==== RECORDS ====
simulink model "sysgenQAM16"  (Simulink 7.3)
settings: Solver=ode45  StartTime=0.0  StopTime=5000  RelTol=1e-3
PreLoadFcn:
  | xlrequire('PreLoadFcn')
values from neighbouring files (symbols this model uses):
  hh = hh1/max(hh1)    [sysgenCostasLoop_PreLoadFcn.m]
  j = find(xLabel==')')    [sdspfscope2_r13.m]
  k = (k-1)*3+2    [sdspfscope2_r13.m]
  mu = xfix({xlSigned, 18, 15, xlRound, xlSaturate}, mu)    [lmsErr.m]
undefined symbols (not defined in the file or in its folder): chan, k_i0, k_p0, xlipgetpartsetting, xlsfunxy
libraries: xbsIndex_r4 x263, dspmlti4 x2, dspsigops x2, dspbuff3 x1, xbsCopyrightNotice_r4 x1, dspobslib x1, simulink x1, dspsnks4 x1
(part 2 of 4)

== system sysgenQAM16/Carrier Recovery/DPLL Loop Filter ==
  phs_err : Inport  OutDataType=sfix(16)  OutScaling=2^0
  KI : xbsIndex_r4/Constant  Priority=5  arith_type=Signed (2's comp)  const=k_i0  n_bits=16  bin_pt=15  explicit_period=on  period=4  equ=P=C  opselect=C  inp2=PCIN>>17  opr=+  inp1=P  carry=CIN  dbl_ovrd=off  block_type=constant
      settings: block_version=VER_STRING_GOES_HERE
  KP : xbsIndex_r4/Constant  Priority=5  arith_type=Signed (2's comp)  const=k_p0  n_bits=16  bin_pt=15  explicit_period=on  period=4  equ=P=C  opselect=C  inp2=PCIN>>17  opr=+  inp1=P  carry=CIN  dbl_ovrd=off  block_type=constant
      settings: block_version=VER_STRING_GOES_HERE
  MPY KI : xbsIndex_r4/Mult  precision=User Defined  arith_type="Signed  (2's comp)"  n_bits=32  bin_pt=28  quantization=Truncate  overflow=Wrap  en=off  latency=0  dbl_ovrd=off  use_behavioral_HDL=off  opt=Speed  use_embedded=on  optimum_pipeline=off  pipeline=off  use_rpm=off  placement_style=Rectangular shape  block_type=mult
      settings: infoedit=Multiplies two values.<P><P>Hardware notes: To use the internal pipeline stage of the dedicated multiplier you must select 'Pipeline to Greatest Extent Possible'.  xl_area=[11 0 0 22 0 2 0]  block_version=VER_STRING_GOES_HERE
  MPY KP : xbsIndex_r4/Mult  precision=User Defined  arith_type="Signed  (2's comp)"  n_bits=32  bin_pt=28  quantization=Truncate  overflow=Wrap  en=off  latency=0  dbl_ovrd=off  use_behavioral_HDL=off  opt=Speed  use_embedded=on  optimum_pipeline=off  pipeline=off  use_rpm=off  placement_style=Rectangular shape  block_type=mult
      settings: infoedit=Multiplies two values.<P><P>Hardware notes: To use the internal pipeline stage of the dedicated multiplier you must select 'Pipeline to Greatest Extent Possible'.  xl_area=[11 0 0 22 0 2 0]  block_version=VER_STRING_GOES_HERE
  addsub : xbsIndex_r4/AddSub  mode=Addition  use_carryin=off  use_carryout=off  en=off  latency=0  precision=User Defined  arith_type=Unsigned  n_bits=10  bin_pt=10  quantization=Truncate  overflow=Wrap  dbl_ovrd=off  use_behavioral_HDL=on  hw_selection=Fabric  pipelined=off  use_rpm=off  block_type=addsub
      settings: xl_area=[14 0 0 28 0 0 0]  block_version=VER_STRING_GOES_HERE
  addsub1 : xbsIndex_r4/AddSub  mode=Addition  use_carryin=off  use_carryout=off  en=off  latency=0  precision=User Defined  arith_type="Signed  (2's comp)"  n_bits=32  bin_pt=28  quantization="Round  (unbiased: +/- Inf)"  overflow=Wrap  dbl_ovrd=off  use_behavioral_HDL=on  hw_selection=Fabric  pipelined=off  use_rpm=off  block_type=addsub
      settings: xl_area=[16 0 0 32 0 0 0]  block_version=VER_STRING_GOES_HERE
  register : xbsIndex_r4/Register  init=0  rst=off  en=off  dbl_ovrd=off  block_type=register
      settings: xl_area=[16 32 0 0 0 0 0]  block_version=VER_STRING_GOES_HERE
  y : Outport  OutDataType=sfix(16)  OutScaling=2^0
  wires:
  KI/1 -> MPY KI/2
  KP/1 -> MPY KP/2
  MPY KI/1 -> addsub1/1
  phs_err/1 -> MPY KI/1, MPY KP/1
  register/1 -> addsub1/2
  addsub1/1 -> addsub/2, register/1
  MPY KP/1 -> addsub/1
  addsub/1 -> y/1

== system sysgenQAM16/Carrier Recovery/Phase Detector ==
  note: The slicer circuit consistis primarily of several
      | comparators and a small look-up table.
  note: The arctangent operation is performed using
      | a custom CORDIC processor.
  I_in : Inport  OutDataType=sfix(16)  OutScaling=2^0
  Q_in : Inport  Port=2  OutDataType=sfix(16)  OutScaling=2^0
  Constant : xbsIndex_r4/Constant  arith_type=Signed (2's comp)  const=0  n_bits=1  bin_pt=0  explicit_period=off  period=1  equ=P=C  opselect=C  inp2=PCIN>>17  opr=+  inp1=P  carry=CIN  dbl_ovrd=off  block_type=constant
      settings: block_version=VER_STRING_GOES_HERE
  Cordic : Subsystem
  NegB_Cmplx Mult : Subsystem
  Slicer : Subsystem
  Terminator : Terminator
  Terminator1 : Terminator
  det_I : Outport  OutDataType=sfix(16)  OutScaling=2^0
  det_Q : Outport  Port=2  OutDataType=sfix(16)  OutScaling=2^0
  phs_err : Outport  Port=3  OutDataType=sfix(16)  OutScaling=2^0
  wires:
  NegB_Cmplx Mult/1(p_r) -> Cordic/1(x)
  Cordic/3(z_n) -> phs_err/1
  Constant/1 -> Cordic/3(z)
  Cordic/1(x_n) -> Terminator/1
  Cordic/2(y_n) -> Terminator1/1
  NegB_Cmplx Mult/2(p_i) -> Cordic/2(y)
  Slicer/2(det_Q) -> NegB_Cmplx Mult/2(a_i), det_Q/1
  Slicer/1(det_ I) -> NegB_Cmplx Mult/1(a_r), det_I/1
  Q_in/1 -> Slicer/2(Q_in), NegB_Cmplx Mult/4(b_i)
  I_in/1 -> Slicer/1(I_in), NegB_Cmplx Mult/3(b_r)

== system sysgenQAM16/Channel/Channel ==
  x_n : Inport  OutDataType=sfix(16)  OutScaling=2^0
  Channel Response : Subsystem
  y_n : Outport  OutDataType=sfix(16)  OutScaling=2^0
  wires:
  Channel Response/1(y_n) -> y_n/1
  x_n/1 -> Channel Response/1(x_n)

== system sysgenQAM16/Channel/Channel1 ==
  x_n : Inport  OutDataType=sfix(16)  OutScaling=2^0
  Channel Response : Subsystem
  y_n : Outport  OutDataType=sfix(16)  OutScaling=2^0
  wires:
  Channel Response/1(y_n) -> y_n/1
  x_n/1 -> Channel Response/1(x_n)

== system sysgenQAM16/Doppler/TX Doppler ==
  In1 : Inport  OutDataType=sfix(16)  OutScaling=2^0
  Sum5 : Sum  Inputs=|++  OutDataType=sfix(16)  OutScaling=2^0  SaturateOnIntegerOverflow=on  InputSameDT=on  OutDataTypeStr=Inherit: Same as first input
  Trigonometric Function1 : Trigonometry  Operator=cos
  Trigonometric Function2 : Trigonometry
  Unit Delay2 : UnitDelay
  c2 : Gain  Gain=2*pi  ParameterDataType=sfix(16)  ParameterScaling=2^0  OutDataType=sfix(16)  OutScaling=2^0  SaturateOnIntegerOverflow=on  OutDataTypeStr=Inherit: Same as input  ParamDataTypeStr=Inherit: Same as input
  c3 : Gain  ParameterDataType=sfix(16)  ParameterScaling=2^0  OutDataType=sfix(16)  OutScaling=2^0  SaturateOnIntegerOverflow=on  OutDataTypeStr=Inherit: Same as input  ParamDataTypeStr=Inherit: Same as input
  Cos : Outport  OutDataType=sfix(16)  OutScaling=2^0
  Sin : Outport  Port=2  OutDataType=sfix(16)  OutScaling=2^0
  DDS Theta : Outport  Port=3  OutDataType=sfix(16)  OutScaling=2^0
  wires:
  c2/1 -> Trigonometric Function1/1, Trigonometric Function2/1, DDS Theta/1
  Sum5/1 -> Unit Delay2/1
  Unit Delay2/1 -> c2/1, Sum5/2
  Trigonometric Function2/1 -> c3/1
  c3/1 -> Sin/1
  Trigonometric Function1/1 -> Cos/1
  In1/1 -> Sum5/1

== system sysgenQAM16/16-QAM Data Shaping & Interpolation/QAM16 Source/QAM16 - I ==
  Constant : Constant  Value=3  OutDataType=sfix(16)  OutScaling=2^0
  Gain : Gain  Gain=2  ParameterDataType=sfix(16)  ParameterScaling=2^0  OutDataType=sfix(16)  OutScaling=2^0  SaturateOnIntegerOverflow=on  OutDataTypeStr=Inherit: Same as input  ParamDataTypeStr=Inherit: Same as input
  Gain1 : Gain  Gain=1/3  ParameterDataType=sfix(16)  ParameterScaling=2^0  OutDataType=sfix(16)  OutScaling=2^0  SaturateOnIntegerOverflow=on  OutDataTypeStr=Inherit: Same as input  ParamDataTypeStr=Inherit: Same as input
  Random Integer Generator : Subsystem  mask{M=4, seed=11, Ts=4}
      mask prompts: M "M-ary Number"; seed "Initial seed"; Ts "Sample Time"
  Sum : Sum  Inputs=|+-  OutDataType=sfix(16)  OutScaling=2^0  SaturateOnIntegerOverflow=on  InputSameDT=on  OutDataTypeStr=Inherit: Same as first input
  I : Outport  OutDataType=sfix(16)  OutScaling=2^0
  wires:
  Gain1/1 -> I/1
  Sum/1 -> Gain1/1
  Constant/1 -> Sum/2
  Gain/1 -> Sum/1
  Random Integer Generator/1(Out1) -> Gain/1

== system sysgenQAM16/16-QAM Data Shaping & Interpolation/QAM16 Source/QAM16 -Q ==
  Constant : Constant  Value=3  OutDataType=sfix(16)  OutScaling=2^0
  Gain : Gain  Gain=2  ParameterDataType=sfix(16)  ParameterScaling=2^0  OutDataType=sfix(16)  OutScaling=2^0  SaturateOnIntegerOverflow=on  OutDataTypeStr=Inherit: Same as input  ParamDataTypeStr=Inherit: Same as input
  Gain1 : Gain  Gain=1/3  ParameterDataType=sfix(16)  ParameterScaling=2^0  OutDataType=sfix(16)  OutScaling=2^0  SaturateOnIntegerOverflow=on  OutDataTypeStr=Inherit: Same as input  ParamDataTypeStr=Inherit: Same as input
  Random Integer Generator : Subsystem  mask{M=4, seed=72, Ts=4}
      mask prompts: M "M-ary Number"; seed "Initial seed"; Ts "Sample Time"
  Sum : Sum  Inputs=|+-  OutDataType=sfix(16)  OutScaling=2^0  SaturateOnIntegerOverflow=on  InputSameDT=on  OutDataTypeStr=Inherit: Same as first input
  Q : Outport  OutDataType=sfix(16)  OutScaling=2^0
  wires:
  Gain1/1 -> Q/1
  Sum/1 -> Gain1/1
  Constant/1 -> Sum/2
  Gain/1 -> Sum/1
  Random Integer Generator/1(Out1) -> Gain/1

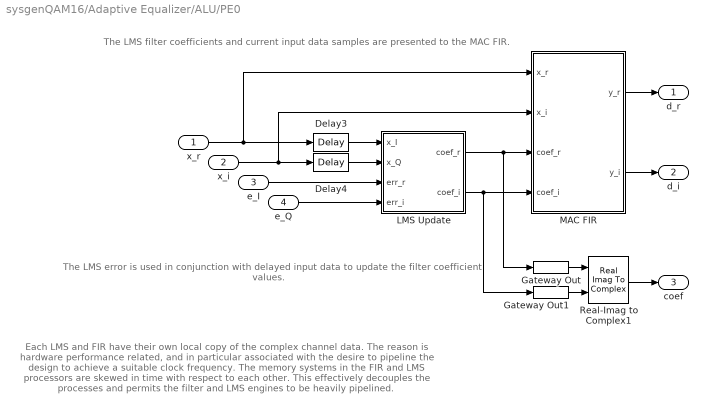
== system sysgenQAM16/Adaptive Equalizer/ALU/PE0 ==
  note: The LMS error is used in conjunction with
      | delayed input data to update the filter
      | coefficient values.
  note: The LMS filter coefficients and current input
      | data samples are presented to the MAC FIR.
  note: Each LMS and FIR have their own local copy of the complex channel data. The reason is hardware
      | performance related, and in particular associated with the desire to pipeline the design to achieve
      | a suitable clock frequency. The memory systems in the FIR and LMS processors are skewed in
      | time with respect to each other. This effectively decouples the processes and permits the filter
      | and LMS engines to be heavily pipelined.
  x_r : Inport  OutDataType=sfix(16)  OutScaling=2^0
  x_i : Inport  Port=2  OutDataType=sfix(16)  OutScaling=2^0
  e_I : Inport  Port=3  OutDataType=sfix(16)  OutScaling=2^0
  e_Q : Inport  Port=4  OutDataType=sfix(16)  OutScaling=2^0
  Delay3 : xbsIndex_r4/Delay  en=off  latency=k  dbl_ovrd=off  reg_retiming=off  block_type=delay
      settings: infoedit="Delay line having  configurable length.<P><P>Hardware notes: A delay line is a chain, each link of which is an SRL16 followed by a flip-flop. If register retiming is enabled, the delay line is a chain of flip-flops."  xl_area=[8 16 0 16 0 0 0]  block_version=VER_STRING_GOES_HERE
====
[TASK OBJECTIVE]: Where does "Trigonometric" appear in the records above? Copy every line that has it.

[THE ANSWER]:
  Trigonometric Function1 : Trigonometry  Operator=cos
  Trigonometric Function2 : Trigonometry
  c2/1 -> Trigonometric Function1/1, Trigonometric Function2/1, DDS Theta/1
  Trigonometric Function2/1 -> c3/1
  Trigonometric Function1/1 -> Cos/1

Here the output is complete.